§ WHAT TO DO:
Your task is to copy each line of the material that holds the word "height".
**** MATERIAL FOR THIS EXERCISE
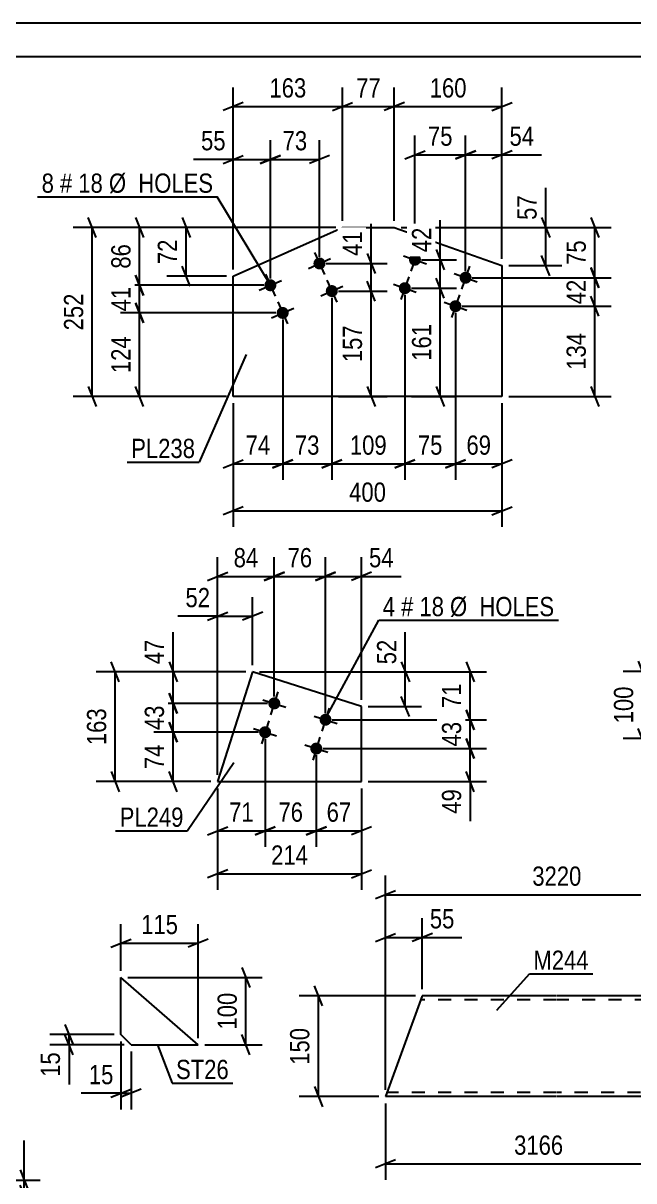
# Model space of a CAD drawing. Header units: millimetres. Extents: x 0 to 420, y 0 to 297.
# Drawn here: x 228.8 to 319.7, y 124.6 to 297 of the extents above; entities that cross this region are included whole.
import ezdxf

# ---------------------------------------------------------------- set-up
doc = ezdxf.new("R2010")
doc.units = ezdxf.units.MM
doc.linetypes.add('DXK_LINE_DOT2', pattern=[3.9198, 1.9599, -1.9599])
doc.styles.add('Arial Narrow', font='ARIALN.TTF', dxfattribs={"height": 0.2})

# ---------------------------------------------------------------- blocks, each defined once
blk = doc.blocks.new('Unknown-318934331-1115')
at = {"color": 5, "linetype": 'Continuous'}
for p, q in [((420, 297), (0, 297)), ((415, 292), (5, 292))]:
    blk.add_line(p, q, dxfattribs=at)
blk = doc.blocks.new('Part-318934331-14344 - 14343')
at = {"color": 2, "linetype": 'Continuous'}
for p, q in [((288.19, 152.18), (282.73, 137.18)), ((308.19, 152.18), (288.19, 152.18)), ((333.75, 152.18), (308.29, 152.18)), ((333.72, 152.08), (333.32, 150.98)), ((333.75, 152.18), (333.72, 152.08)), ((328.29, 137.18), (333.32, 150.98)), ((308.19, 137.18), (282.73, 137.18)), ((328.29, 137.18), (308.29, 137.18))]:
    blk.add_line(p, q, dxfattribs=at)
at = {"color": 7, "linetype": 'DXK_LINE_DOT2'}
for p, q in [((333.32, 150.98), (333.63, 151.82)), ((308.19, 151.58), (287.98, 151.58)), ((333.53, 151.58), (308.29, 151.58)), ((308.19, 137.78), (282.95, 137.78)), ((328.51, 137.78), (308.29, 137.78)), ((328.33, 137.27), (328.29, 137.18))]:
    blk.add_line(p, q, dxfattribs=at)
blk = doc.blocks.new('Part-318934331-9591 - 9590')
at = {"color": 2, "linetype": 'Continuous'}
for p, q in [((260.05, 259.34), (276.32, 266.58)), ((276.32, 266.58), (284.03, 266.58)), ((284.03, 266.58), (300.05, 260.9)), ((300.05, 260.9), (300.05, 241.43)), ((260.05, 241.43), (260.05, 259.34)), ((300.05, 241.43), (260.05, 241.43))]:
    blk.add_line(p, q, dxfattribs=at)
blk = doc.blocks.new('Bolt-318934331-9592 - 9590')
at = {"linetype": 'Continuous'}
for points in [[(287.95, 261.48, -1), (286.25, 262.08, -1)], [(295.49, 258.8, -1), (293.79, 259.4, -1)], [(286.44, 257.24, -1), (284.75, 257.84, -1)], [(293.98, 254.56, -1), (292.29, 255.16, -1)]]:
    blk.add_hatch(color=1, dxfattribs=at).paths.add_polyline_path(points)
at = {"color": 1, "linetype": 'Continuous'}
for p, q in [((285.4, 262.38), (288.8, 261.18)), ((287.7, 263.47), (286.5, 260.08)), ((295.24, 260.8), (294.04, 257.41)), ((286.2, 259.23), (284.99, 255.84)), ((292.94, 259.71), (296.34, 258.5)), ((283.9, 258.14), (287.29, 256.94)), ((291.44, 255.46), (294.83, 254.26)), ((293.74, 256.56), (292.53, 253.17))]:
    blk.add_line(p, q, dxfattribs=at)
blk = doc.blocks.new('Bolt-318934331-9593 - 9590')
at = {"linetype": 'Continuous'}
for points in [[(273.72, 261.59, -1), (272.07, 260.86, -1)], [(266.41, 258.34, -1), (264.76, 257.61, -1)], [(275.55, 257.48, -1), (273.9, 256.75, -1)], [(268.24, 254.23, -1), (266.59, 253.49, -1)]]:
    blk.add_hatch(color=1, dxfattribs=at).paths.add_polyline_path(points)
at = {"color": 1, "linetype": 'Continuous'}
for p, q in [((272.16, 262.87), (273.63, 259.58)), ((271.25, 260.49), (274.54, 261.96)), ((263.94, 257.24), (267.23, 258.7)), ((264.85, 259.62), (266.32, 256.33)), ((273.99, 258.76), (275.46, 255.47)), ((273.08, 256.38), (276.37, 257.85)), ((266.68, 255.51), (268.15, 252.22)), ((265.77, 253.13), (269.06, 254.59))]:
    blk.add_line(p, q, dxfattribs=at)
blk = doc.blocks.new('Part-318934331-9600 - 9599')
at = {"color": 2, "linetype": 'Continuous'}
for p, q in [((243.35, 146.41), (243.35, 154.91)), ((254.85, 144.91), (243.35, 154.91)), ((244.85, 144.91), (243.35, 146.41)), ((244.85, 144.91), (254.85, 144.91))]:
    blk.add_line(p, q, dxfattribs=at)
blk = doc.blocks.new('Part-318934331-9638 - 9637')
at = {"color": 2, "linetype": 'Continuous'}
for p, q in [((262.95, 200.43), (257.73, 184.08)), ((279.14, 195.26), (262.95, 200.43)), ((279.14, 184.08), (279.14, 195.26)), ((257.73, 184.08), (279.14, 184.08))]:
    blk.add_line(p, q, dxfattribs=at)
blk = doc.blocks.new('Bolt-318934331-9639 - 9637')
at = {"linetype": 'Continuous'}
for points in [[(267.03, 195.45, -1), (265.31, 196, -1)], [(274.65, 193.02, -1), (272.94, 193.57, -1)], [(265.66, 191.16, -1), (263.95, 191.71, -1)], [(273.28, 188.73, -1), (271.57, 189.28, -1)]]:
    blk.add_hatch(color=1, dxfattribs=at).paths.add_polyline_path(points)
at = {"color": 1, "linetype": 'Continuous'}
for p, q in [((266.72, 197.44), (265.62, 194.01)), ((264.46, 196.27), (267.89, 195.18)), ((274.34, 195.01), (273.25, 191.58)), ((265.35, 193.15), (264.26, 189.72)), ((272.08, 193.84), (275.51, 192.74)), ((263.09, 191.99), (266.52, 190.89)), ((272.97, 190.72), (271.88, 187.29)), ((270.71, 189.55), (274.14, 188.46))]:
    blk.add_line(p, q, dxfattribs=at)
blk = doc.blocks.new('StraightDimension-318934331-15464 - 14343')
at = {"color": 7, "linetype": 'Continuous'}
for p, q in [((273.33, 150.68), (272.13, 153.68)), ((287.19, 152.18), (269.88, 152.18)), ((272.73, 137.18), (272.73, 152.18)), ((272.13, 138.68), (273.33, 135.68)), ((281.73, 137.18), (269.88, 137.18))]:
    blk.add_line(p, q, dxfattribs=at)
at = {"color": 0}
blk.add_wipeout([(271.98, 148.02), (267.78, 148.02), (267.78, 141.33), (271.98, 141.33)], dxfattribs=at)
at = {"color": 3, "style": 'Arial Narrow'}
blk.add_text('150', height=2.863, rotation=90.0002, dxfattribs=at).set_placement((271.38, 141.93))
blk = doc.blocks.new('StraightDimension-318934331-15412 - 14343')
at = {"color": 7, "linetype": 'Continuous'}
for p, q in [((282.73, 138.18), (282.73, 163.73)), ((288.19, 153.18), (288.19, 163.73)), ((281.23, 160.28), (284.23, 161.48)), ((282.73, 160.88), (288.19, 160.88)), ((289.69, 161.48), (286.69, 160.28))]:
    blk.add_line(p, q, dxfattribs=at)
at = {"color": 0}
blk.add_wipeout([(293.58, 161.63), (293.58, 165.83), (288.72, 165.83), (288.72, 161.63)], dxfattribs=at)
at = {"color": 7, "linetype": 'Continuous'}
blk.add_line((288.19, 160.88), (294.1, 160.88), dxfattribs=at)
blk.add_line((288.19, 160.88), (294.1, 160.88), dxfattribs=at)
at = {"color": 3, "style": 'Arial Narrow'}
blk.add_text('55', height=2.863, dxfattribs=at).set_placement((289.32, 162.23))
blk = doc.blocks.new('StraightDimension-318934331-15398 - 14343')
at = {"color": 7, "linetype": 'Continuous'}
for p, q in [((282.73, 138.18), (282.73, 170.08)), ((333.72, 153.08), (333.72, 170.08)), ((284.23, 167.83), (281.23, 166.63)), ((282.73, 167.23), (333.72, 167.23)), ((332.22, 166.63), (335.22, 167.83))]:
    blk.add_line(p, q, dxfattribs=at)
at = {"color": 0}
blk.add_wipeout([(312.48, 167.98), (312.48, 172.18), (303.97, 172.18), (303.97, 167.98)], dxfattribs=at)
at = {"color": 3, "style": 'Arial Narrow'}
blk.add_text('3220', height=2.863, dxfattribs=at).set_placement((304.57, 168.58))
blk = doc.blocks.new('StraightDimension-318934331-15426 - 14343')
at = {"color": 7, "linetype": 'Continuous'}
for p, q in [((282.73, 136.18), (282.73, 124.78)), ((328.29, 136.18), (328.29, 124.78)), ((284.23, 127.78), (281.23, 126.58)), ((326.79, 126.58), (329.79, 127.78)), ((282.73, 127.18), (328.29, 127.18))]:
    blk.add_line(p, q, dxfattribs=at)
at = {"color": 0}
blk.add_wipeout([(309.77, 127.93), (309.77, 132.13), (301.26, 132.13), (301.26, 127.93)], dxfattribs=at)
at = {"color": 3, "style": 'Arial Narrow'}
blk.add_text('3166', height=2.863, dxfattribs=at).set_placement((301.86, 128.53))
blk = doc.blocks.new('StraightDimension-318934331-15125 - 14359')
at = {"color": 7, "linetype": 'Continuous'}
for p, q in [((320.33, 202), (321.53, 199)), ((345.19, 200.5), (318.08, 200.5)), ((320.93, 190.5), (320.93, 200.5)), ((321.53, 189), (320.33, 192)), ((335.98, 190.5), (318.08, 190.5))]:
    blk.add_line(p, q, dxfattribs=at)
at = {"color": 0}
blk.add_wipeout([(320.18, 198.85), (315.98, 198.85), (315.98, 192.16), (320.18, 192.16)], dxfattribs=at)
at = {"color": 3, "style": 'Arial Narrow'}
blk.add_text('100', height=2.863, rotation=90.0002, dxfattribs=at).set_placement((319.58, 192.76))
blk = doc.blocks.new('StraightDimension-318934331-15052 - 14367')
at = {"color": 7, "linetype": 'Continuous'}
for p, q in [((228.34, 126.26), (229.54, 123.26)), ((219.23, 124.76), (231.34, 124.76)), ((228.94, 122.5), (228.94, 124.76)), ((219.94, 122.5), (231.34, 122.5)), ((229.54, 121), (228.34, 124))]:
    blk.add_line(p, q, dxfattribs=at)
at = {"color": 0}
blk.add_wipeout([(228.19, 130.14), (223.99, 130.14), (223.99, 125.29), (228.19, 125.29)], dxfattribs=at)
at = {"color": 7, "linetype": 'Continuous'}
blk.add_line((228.94, 124.76), (228.94, 130.67), dxfattribs=at)
blk.add_line((228.94, 124.76), (228.94, 130.67), dxfattribs=at)
at = {"color": 3, "style": 'Arial Narrow'}
blk.add_text('23', height=2.863, rotation=90.0002, dxfattribs=at).set_placement((227.59, 125.89))
blk = doc.blocks.new('StraightDimension-318934331-13496 - 9590')
at = {"color": 7, "linetype": 'Continuous'}
for p, q in [((281.17, 255.61), (279.97, 258.61)), ((275.73, 257.11), (282.97, 257.11)), ((280.57, 241.43), (280.57, 257.11)), ((275.73, 241.43), (282.97, 241.43)), ((279.97, 242.93), (281.17, 239.93))]:
    blk.add_line(p, q, dxfattribs=at)
at = {"color": 0}
blk.add_wipeout([(279.82, 252.61), (275.62, 252.61), (275.62, 245.93), (279.82, 245.93)], dxfattribs=at)
at = {"color": 3, "style": 'Arial Narrow'}
blk.add_text('157', height=2.863, rotation=90.0002, dxfattribs=at).set_placement((279.22, 246.53))
blk = doc.blocks.new('StraightDimension-318934331-13495 - 9590')
at = {"color": 7, "linetype": 'Continuous'}
for p, q in [((279.97, 262.72), (281.17, 259.72)), ((273.9, 261.22), (282.97, 261.22)), ((280.57, 257.11), (280.57, 261.22)), ((281.17, 255.61), (279.97, 258.61)), ((275.73, 257.11), (282.97, 257.11))]:
    blk.add_line(p, q, dxfattribs=at)
at = {"color": 0}
blk.add_wipeout([(279.82, 266.61), (275.62, 266.61), (275.62, 261.75), (279.82, 261.75)], dxfattribs=at)
at = {"color": 7, "linetype": 'Continuous'}
blk.add_line((280.57, 261.22), (280.57, 267.13), dxfattribs=at)
blk.add_line((280.57, 261.22), (280.57, 267.13), dxfattribs=at)
at = {"color": 3, "style": 'Arial Narrow'}
blk.add_text('41', height=2.863, rotation=90.0002, dxfattribs=at).set_placement((279.22, 262.35))
blk = doc.blocks.new('StraightDimension-318934331-10347 - 9590')
at = {"color": 7, "linetype": 'Continuous'}
for p, q in [((313.28, 260.6), (314.48, 257.6)), ((295.64, 259.1), (316.28, 259.1)), ((313.88, 254.86), (313.88, 259.1)), ((314.48, 253.36), (313.28, 256.36)), ((294.14, 254.86), (316.28, 254.86))]:
    blk.add_line(p, q, dxfattribs=at)
at = {"color": 0}
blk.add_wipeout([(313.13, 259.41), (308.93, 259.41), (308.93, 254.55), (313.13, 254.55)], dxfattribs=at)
********
§ RESULT OF THE TASK:
doc.styles.add('Arial Narrow', font='ARIALN.TTF', dxfattribs={"height": 0.2})
blk.add_text('150', height=2.863, rotation=90.0002, dxfattribs=at).set_placement((271.38, 141.93))
blk.add_text('55', height=2.863, dxfattribs=at).set_placement((289.32, 162.23))
blk.add_text('3220', height=2.863, dxfattribs=at).set_placement((304.57, 168.58))
blk.add_text('3166', height=2.863, dxfattribs=at).set_placement((301.86, 128.53))
blk.add_text('100', height=2.863, rotation=90.0002, dxfattribs=at).set_placement((319.58, 192.76))
blk.add_text('23', height=2.863, rotation=90.0002, dxfattribs=at).set_placement((227.59, 125.89))
blk.add_text('157', height=2.863, rotation=90.0002, dxfattribs=at).set_placement((279.22, 246.53))
blk.add_text('41', height=2.863, rotation=90.0002, dxfattribs=at).set_placement((279.22, 262.35))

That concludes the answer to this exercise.